Hey, what the heck happened to Halloween?  Even though we had less than a dozen visits from trick-or-treaters LAST year, I nevertheless stocked up in the hopes that things would turn around THIS year.  I didn’t want to be stuck in one of those situations where I run out of candy early in the evening and have to start dispensing baker’s chocolate and dried figs from the pantry.  So, the first thing I did yesterday morning was pick up one of those economy boxes, this one containing snack size Reese’s peanut butter cups, Reese’s pieces, and Oh Henry bars.  I know, I know.  Why would I get these peanut-packed treats given the staggering number of children out there suffering from peanut allergies?  Well, simply put – because I wanted to buy treats that I could enjoy if I ended up being saddled with leftovers.  Is that wrong?  Okay, only a little.  Next, I went by a specialty candy shop and picked up a slew of fun stuff: Nerds, Razzles, Shockers, Warheads, Gumpowder, Pop Rocks, Pixy Sticks, Millions Cola, Jumbo Jawbreakers, Bottle Caps, Juicy Drop Pops, Sour Candy Sprays, and Slithering Snake Suckers.  My house was going to be THE fun stop this Halloween.

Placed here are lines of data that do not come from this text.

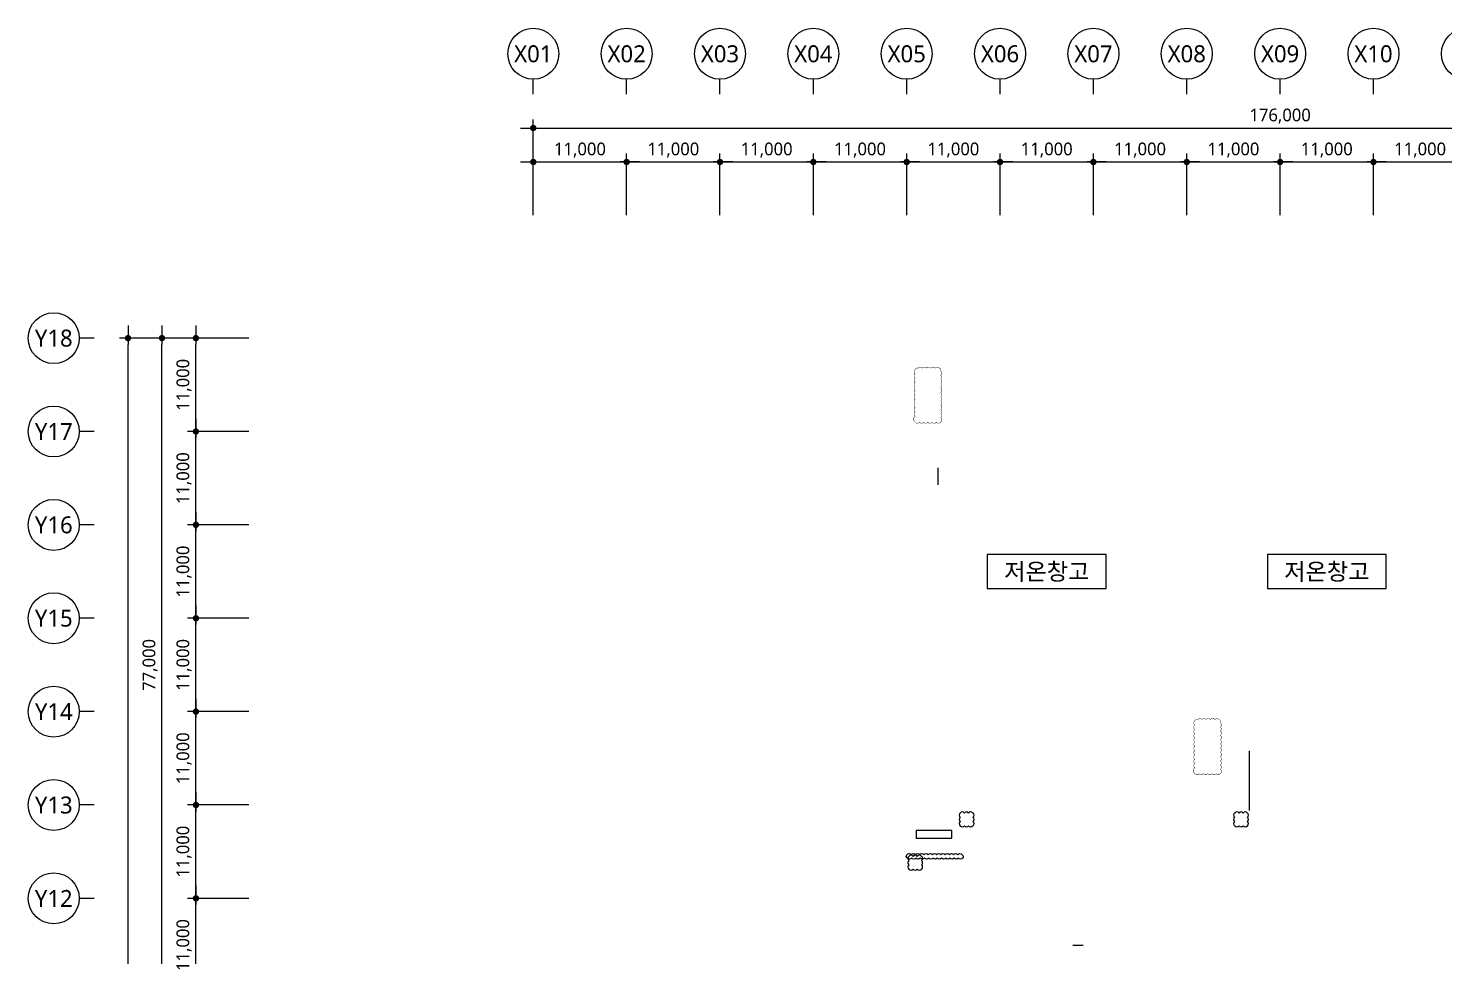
# Model space of a CAD drawing. Header units: millimetres. Extents: x 4003075 to 5615882, y 1445368 to 2591247.
# Drawn here: x 5263075 to 5429847, y 1571614 to 1680868 of the extents above; entities that cross this region are included whole.
import ezdxf
from ezdxf.enums import TextEntityAlignment as Align

# ---------------------------------------------------------------- set-up
doc = ezdxf.new("R2010")
doc.units = ezdxf.units.MM
for name, color, linetype, lineweight in [('A-AXIS-BUBL', 7, 'Continuous', 25), ('A-DIMS', 7, 'Continuous', 25), ('A-XXXX-TXT2', 3, 'Continuous', 25), ('REV-202205', 20, 'Continuous', 25)]:
    doc.layers.add(name, color=color, linetype=linetype, lineweight=lineweight)
doc.styles.add('HY울릉도L', font='')
doc.styles.add('맑은고딕', font='malgun.ttf')
doc.styles.get('HY울릉도L').set_extended_font_data('HYwulM')
doc.dimstyles.new('CDIM', dxfattribs={"dimtxt": 3, "dimasz": 1.5, "dimexe": 2, "dimexo": 1, "dimgap": 1, "dimtad": 1, "dimdec": 0, "dimrnd": 0.5, "dimzin": 0, "dimdsep": 32, "dimlunit": 6, "dimtxsty": 'HY울릉도L', "dimblk1": '_CIDOT', "dimblk2": '_CIDOT', "dimsah": 1, "dimcen": 5.5, "dimclrd": 2, "dimclre": 2, "dimclrt": 7, "dimadec": 0, "dimazin": 0, "dimtfac": 1, "dimtdec": 0, "dimtix": 1, "dimtmove": 2, "dimatfit": 1, "dimldrblk": '_CIDOT', "dimfxl": 1, "dimtolj": 1, "dimtzin": 0, "dimlwd": -1, "dimarcsym": 0})

# ---------------------------------------------------------------- blocks, each defined once
blk = doc.blocks.new('_CIDOT')
at = {"color": 0, "linetype": 'ByBlock'}
blk.add_line((2, 0), (-1, 0), dxfattribs=at)
at = {"color": 0, "linetype": 'ByBlock', "const_width": 0.5}
blk.add_lwpolyline([(-0.25, 0, 1), (0.25, 0, 1)], format="xyb", close=True, dxfattribs=at)
blk = doc.blocks.new('*D18')
at = {"layer": 'A-DIMS', "lineweight": -2, "transparency": 16777216}
for p, q in [((93193, 175121), (85943, 175121)), ((93193, 164121), (85943, 164121))]:
    blk.add_line(p, q, dxfattribs=at)
at = {"layer": 'A-DIMS', "transparency": 16777216}
blk.add_line((86943, 164871), (86943, 174371), dxfattribs=at)
at = {"layer": 'A-DIMS', "transparency": 16777216, "xscale": 750, "yscale": 750, "zscale": 750}
for p, rotation in [((86943, 175121), 90), ((86943, 164121), 270)]:
    blk.add_blockref('_CIDOT', p, dxfattribs=dict(at, rotation=rotation))
at = {"layer": 'A-DIMS', "color": 3, "transparency": 16777216, "insert": (85538, 169621), "char_height": 1500, "attachment_point": 5, "rotation": 90, "style": '맑은고딕'}
blk.add_mtext('\\A1;11,000', dxfattribs=at)
blk = doc.blocks.new('*D19')
at = {"layer": 'A-DIMS', "lineweight": -2, "transparency": 16777216}
for p, q in [((93193, 186121), (85943, 186121)), ((93193, 175121), (85943, 175121))]:
    blk.add_line(p, q, dxfattribs=at)
at = {"layer": 'A-DIMS', "transparency": 16777216}
blk.add_line((86943, 175871), (86943, 185371), dxfattribs=at)
at = {"layer": 'A-DIMS', "transparency": 16777216, "xscale": 750, "yscale": 750, "zscale": 750}
for p, rotation in [((86943, 186121), 90), ((86943, 175121), 270)]:
    blk.add_blockref('_CIDOT', p, dxfattribs=dict(at, rotation=rotation))
at = {"layer": 'A-DIMS', "color": 3, "transparency": 16777216, "insert": (85538, 180621), "char_height": 1500, "attachment_point": 5, "rotation": 90, "style": '맑은고딕'}
blk.add_mtext('\\A1;11,000', dxfattribs=at)
blk = doc.blocks.new('*D20')
at = {"layer": 'A-DIMS', "lineweight": -2, "transparency": 16777216}
for p, q in [((93193, 197121), (85943, 197121)), ((93193, 186121), (85943, 186121))]:
    blk.add_line(p, q, dxfattribs=at)
at = {"layer": 'A-DIMS', "transparency": 16777216}
blk.add_line((86943, 186871), (86943, 196371), dxfattribs=at)
at = {"layer": 'A-DIMS', "transparency": 16777216, "xscale": 750, "yscale": 750, "zscale": 750}
for p, rotation in [((86943, 197121), 90), ((86943, 186121), 270)]:
    blk.add_blockref('_CIDOT', p, dxfattribs=dict(at, rotation=rotation))
at = {"layer": 'A-DIMS', "color": 3, "transparency": 16777216, "insert": (85538, 191621), "char_height": 1500, "attachment_point": 5, "rotation": 90, "style": '맑은고딕'}
blk.add_mtext('\\A1;11,000', dxfattribs=at)
blk = doc.blocks.new('*D21')
at = {"layer": 'A-DIMS', "lineweight": -2, "transparency": 16777216}
for p, q in [((93193, 208121), (85943, 208121)), ((93193, 197121), (85943, 197121))]:
    blk.add_line(p, q, dxfattribs=at)
at = {"layer": 'A-DIMS', "transparency": 16777216}
blk.add_line((86943, 197871), (86943, 207371), dxfattribs=at)
at = {"layer": 'A-DIMS', "transparency": 16777216, "xscale": 750, "yscale": 750, "zscale": 750}
for p, rotation in [((86943, 208121), 90), ((86943, 197121), 270)]:
    blk.add_blockref('_CIDOT', p, dxfattribs=dict(at, rotation=rotation))
at = {"layer": 'A-DIMS', "color": 3, "transparency": 16777216, "insert": (85538, 202621), "char_height": 1500, "attachment_point": 5, "rotation": 90, "style": '맑은고딕'}
blk.add_mtext('\\A1;11,000', dxfattribs=at)
blk = doc.blocks.new('*D22')
at = {"layer": 'A-DIMS', "lineweight": -2, "transparency": 16777216}
for p, q in [((93193, 219121), (85943, 219121)), ((93193, 208121), (85943, 208121))]:
    blk.add_line(p, q, dxfattribs=at)
at = {"layer": 'A-DIMS', "transparency": 16777216}
blk.add_line((86943, 208871), (86943, 218371), dxfattribs=at)
at = {"layer": 'A-DIMS', "transparency": 16777216, "xscale": 750, "yscale": 750, "zscale": 750}
for p, rotation in [((86943, 219121), 90), ((86943, 208121), 270)]:
    blk.add_blockref('_CIDOT', p, dxfattribs=dict(at, rotation=rotation))
at = {"layer": 'A-DIMS', "color": 3, "transparency": 16777216, "insert": (85538, 213621), "char_height": 1500, "attachment_point": 5, "rotation": 90, "style": '맑은고딕'}
blk.add_mtext('\\A1;11,000', dxfattribs=at)
blk = doc.blocks.new('*D23')
at = {"layer": 'A-DIMS', "lineweight": -2, "transparency": 16777216}
for p, q in [((93193, 230121), (85943, 230121)), ((93193, 219121), (85943, 219121))]:
    blk.add_line(p, q, dxfattribs=at)
at = {"layer": 'A-DIMS', "transparency": 16777216}
blk.add_line((86943, 219871), (86943, 229371), dxfattribs=at)
at = {"layer": 'A-DIMS', "transparency": 16777216, "xscale": 750, "yscale": 750, "zscale": 750}
for p, rotation in [((86943, 230121), 90), ((86943, 219121), 270)]:
    blk.add_blockref('_CIDOT', p, dxfattribs=dict(at, rotation=rotation))
at = {"layer": 'A-DIMS', "color": 3, "transparency": 16777216, "insert": (85538, 224621), "char_height": 1500, "attachment_point": 5, "rotation": 90, "style": '맑은고딕'}
blk.add_mtext('\\A1;11,000', dxfattribs=at)
blk = doc.blocks.new('*D24')
at = {"layer": 'A-DIMS', "lineweight": -2, "transparency": 16777216}
for p, q in [((93193, 241121), (85943, 241121)), ((93193, 230121), (85943, 230121))]:
    blk.add_line(p, q, dxfattribs=at)
at = {"layer": 'A-DIMS', "transparency": 16777216}
blk.add_line((86943, 230871), (86943, 240371), dxfattribs=at)
at = {"layer": 'A-DIMS', "transparency": 16777216, "xscale": 750, "yscale": 750, "zscale": 750}
for p, rotation in [((86943, 241121), 90), ((86943, 230121), 270)]:
    blk.add_blockref('_CIDOT', p, dxfattribs=dict(at, rotation=rotation))
at = {"layer": 'A-DIMS', "color": 3, "transparency": 16777216, "insert": (85538, 235621), "char_height": 1500, "attachment_point": 5, "rotation": 90, "style": '맑은고딕'}
blk.add_mtext('\\A1;11,000', dxfattribs=at)
blk = doc.blocks.new('*D26')
at = {"layer": 'A-DIMS', "lineweight": -2, "transparency": 16777216}
for p, q in [((93193, 241121), (77943, 241121)), ((93193, 45121), (77943, 45121))]:
    blk.add_line(p, q, dxfattribs=at)
at = {"layer": 'A-DIMS', "transparency": 16777216}
blk.add_line((78943, 45871), (78943, 240371), dxfattribs=at)
at = {"layer": 'A-DIMS', "transparency": 16777216, "xscale": 750, "yscale": 750, "zscale": 750}
for p, rotation in [((78943, 241121), 90), ((78943, 45121), 270)]:
    blk.add_blockref('_CIDOT', p, dxfattribs=dict(at, rotation=rotation))
at = {"layer": 'A-DIMS', "color": 3, "transparency": 16777216, "insert": (77538, 143121), "char_height": 1500, "attachment_point": 5, "rotation": 90, "style": '맑은고딕'}
blk.add_mtext('\\A1;196,000', dxfattribs=at)
blk = doc.blocks.new('*D29')
at = {"layer": 'A-DIMS', "lineweight": -2, "transparency": 16777216}
for p, q in [((93193, 241121), (81943, 241121)), ((93193, 164121), (81943, 164121))]:
    blk.add_line(p, q, dxfattribs=at)
at = {"layer": 'A-DIMS', "transparency": 16777216}
blk.add_line((82943, 164871), (82943, 240371), dxfattribs=at)
at = {"layer": 'A-DIMS', "transparency": 16777216, "xscale": 750, "yscale": 750, "zscale": 750}
for p, rotation in [((82943, 241121), 90), ((82943, 164121), 270)]:
    blk.add_blockref('_CIDOT', p, dxfattribs=dict(at, rotation=rotation))
at = {"layer": 'A-DIMS', "color": 3, "transparency": 16777216, "insert": (81542, 202621), "char_height": 1500, "attachment_point": 5, "rotation": 90, "style": '맑은고딕'}
blk.add_mtext('\\A1;77,000', dxfattribs=at)
blk = doc.blocks.new('*D30')
at = {"layer": 'A-DIMS', "lineweight": -2, "transparency": 16777216}
for p, q in [((148693, 255621), (148693, 262871)), ((159693, 255621), (159693, 262871))]:
    blk.add_line(p, q, dxfattribs=at)
at = {"layer": 'A-DIMS', "transparency": 16777216}
blk.add_line((149443, 261871), (158943, 261871), dxfattribs=at)
at = {"layer": 'A-DIMS', "transparency": 16777216, "xscale": 750, "yscale": 750, "zscale": 750, "rotation": 180}
blk.add_blockref('_CIDOT', (148693, 261871), dxfattribs=at)
at = {"layer": 'A-DIMS', "transparency": 16777216, "xscale": 750, "yscale": 750, "zscale": 750}
blk.add_blockref('_CIDOT', (159693, 261871), dxfattribs=at)
at = {"layer": 'A-DIMS', "color": 3, "transparency": 16777216, "insert": (154193, 263275), "char_height": 1500, "attachment_point": 5, "style": '맑은고딕'}
blk.add_mtext('\\A1;11,000', dxfattribs=at)
blk = doc.blocks.new('*D31')
at = {"layer": 'A-DIMS', "lineweight": -2, "transparency": 16777216}
for p, q in [((159693, 255621), (159693, 262871)), ((170693, 255621), (170693, 262871))]:
    blk.add_line(p, q, dxfattribs=at)
at = {"layer": 'A-DIMS', "transparency": 16777216}
blk.add_line((160443, 261871), (169943, 261871), dxfattribs=at)
at = {"layer": 'A-DIMS', "transparency": 16777216, "xscale": 750, "yscale": 750, "zscale": 750, "rotation": 180}
blk.add_blockref('_CIDOT', (159693, 261871), dxfattribs=at)
at = {"layer": 'A-DIMS', "transparency": 16777216, "xscale": 750, "yscale": 750, "zscale": 750}
blk.add_blockref('_CIDOT', (170693, 261871), dxfattribs=at)
at = {"layer": 'A-DIMS', "color": 3, "transparency": 16777216, "insert": (165193, 263275), "char_height": 1500, "attachment_point": 5, "style": '맑은고딕'}
blk.add_mtext('\\A1;11,000', dxfattribs=at)
blk = doc.blocks.new('*D32')
at = {"layer": 'A-DIMS', "lineweight": -2, "transparency": 16777216}
for p, q in [((170693, 255621), (170693, 262871)), ((181693, 255621), (181693, 262871))]:
    blk.add_line(p, q, dxfattribs=at)
at = {"layer": 'A-DIMS', "transparency": 16777216}
blk.add_line((171443, 261871), (180943, 261871), dxfattribs=at)
at = {"layer": 'A-DIMS', "transparency": 16777216, "xscale": 750, "yscale": 750, "zscale": 750, "rotation": 180}
blk.add_blockref('_CIDOT', (170693, 261871), dxfattribs=at)
at = {"layer": 'A-DIMS', "transparency": 16777216, "xscale": 750, "yscale": 750, "zscale": 750}
blk.add_blockref('_CIDOT', (181693, 261871), dxfattribs=at)
at = {"layer": 'A-DIMS', "color": 3, "transparency": 16777216, "insert": (176193, 263275), "char_height": 1500, "attachment_point": 5, "style": '맑은고딕'}
blk.add_mtext('\\A1;11,000', dxfattribs=at)
blk = doc.blocks.new('*D33')
at = {"layer": 'A-DIMS', "lineweight": -2, "transparency": 16777216}
for p, q in [((181693, 255621), (181693, 262871)), ((192693, 255621), (192693, 262871))]:
    blk.add_line(p, q, dxfattribs=at)
at = {"layer": 'A-DIMS', "transparency": 16777216}
blk.add_line((182443, 261871), (191943, 261871), dxfattribs=at)
at = {"layer": 'A-DIMS', "transparency": 16777216, "xscale": 750, "yscale": 750, "zscale": 750, "rotation": 180}
blk.add_blockref('_CIDOT', (181693, 261871), dxfattribs=at)
at = {"layer": 'A-DIMS', "transparency": 16777216, "xscale": 750, "yscale": 750, "zscale": 750}
blk.add_blockref('_CIDOT', (192693, 261871), dxfattribs=at)
at = {"layer": 'A-DIMS', "color": 3, "transparency": 16777216, "insert": (187193, 263275), "char_height": 1500, "attachment_point": 5, "style": '맑은고딕'}
blk.add_mtext('\\A1;11,000', dxfattribs=at)
blk = doc.blocks.new('*D34')
at = {"layer": 'A-DIMS', "lineweight": -2, "transparency": 16777216}
for p, q in [((192693, 255621), (192693, 262871)), ((203693, 255621), (203693, 262871))]:
    blk.add_line(p, q, dxfattribs=at)
at = {"layer": 'A-DIMS', "transparency": 16777216}
blk.add_line((193443, 261871), (202943, 261871), dxfattribs=at)
at = {"layer": 'A-DIMS', "transparency": 16777216, "xscale": 750, "yscale": 750, "zscale": 750, "rotation": 180}
blk.add_blockref('_CIDOT', (192693, 261871), dxfattribs=at)
at = {"layer": 'A-DIMS', "transparency": 16777216, "xscale": 750, "yscale": 750, "zscale": 750}
blk.add_blockref('_CIDOT', (203693, 261871), dxfattribs=at)
at = {"layer": 'A-DIMS', "color": 3, "transparency": 16777216, "insert": (198193, 263275), "char_height": 1500, "attachment_point": 5, "style": '맑은고딕'}
blk.add_mtext('\\A1;11,000', dxfattribs=at)
blk = doc.blocks.new('*D35')
at = {"layer": 'A-DIMS', "lineweight": -2, "transparency": 16777216}
for p, q in [((203693, 255621), (203693, 262871)), ((214693, 255621), (214693, 262871))]:
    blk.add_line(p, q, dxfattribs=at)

I set everything up and waited.  A little after 6:00 p.m., the doorbell rang.  My first customer!  I answered to find two kids – accompanied by mom – standing on the porch.  “Trick or treat!”they chimed.

“Oh, you’re in luck,”I told them, reaching over and presenting my bowl of treats pictured here:

Nature's candy!

“You can have broccoli or brussel sprouts or garlic to help ward away vampires…”

They were clearly unenthused.

“OR, you can take your chances with…THE MYSTERY BOX!”

So mysterious!

Not surprisingly, they went with the mystery box (which was a good thing since I was planning to have the brussel sprouts for dinner tonight).  The bigger kid was absolutely thrilled with his Slithering Snake Sucker.

Off they went and I retired to the living room where I watched football and awaited the rest of the neighborhood kids.  Yep, once word got out that I was dispensing Slithering Snake Suckers and Gumpowder, they’d be beating down my door.  Just in case, I made sure I had enough back-up baker’s chocolate and dried figs.  THIS was going to be great!

Brie and Jelly can barely contain their excitement.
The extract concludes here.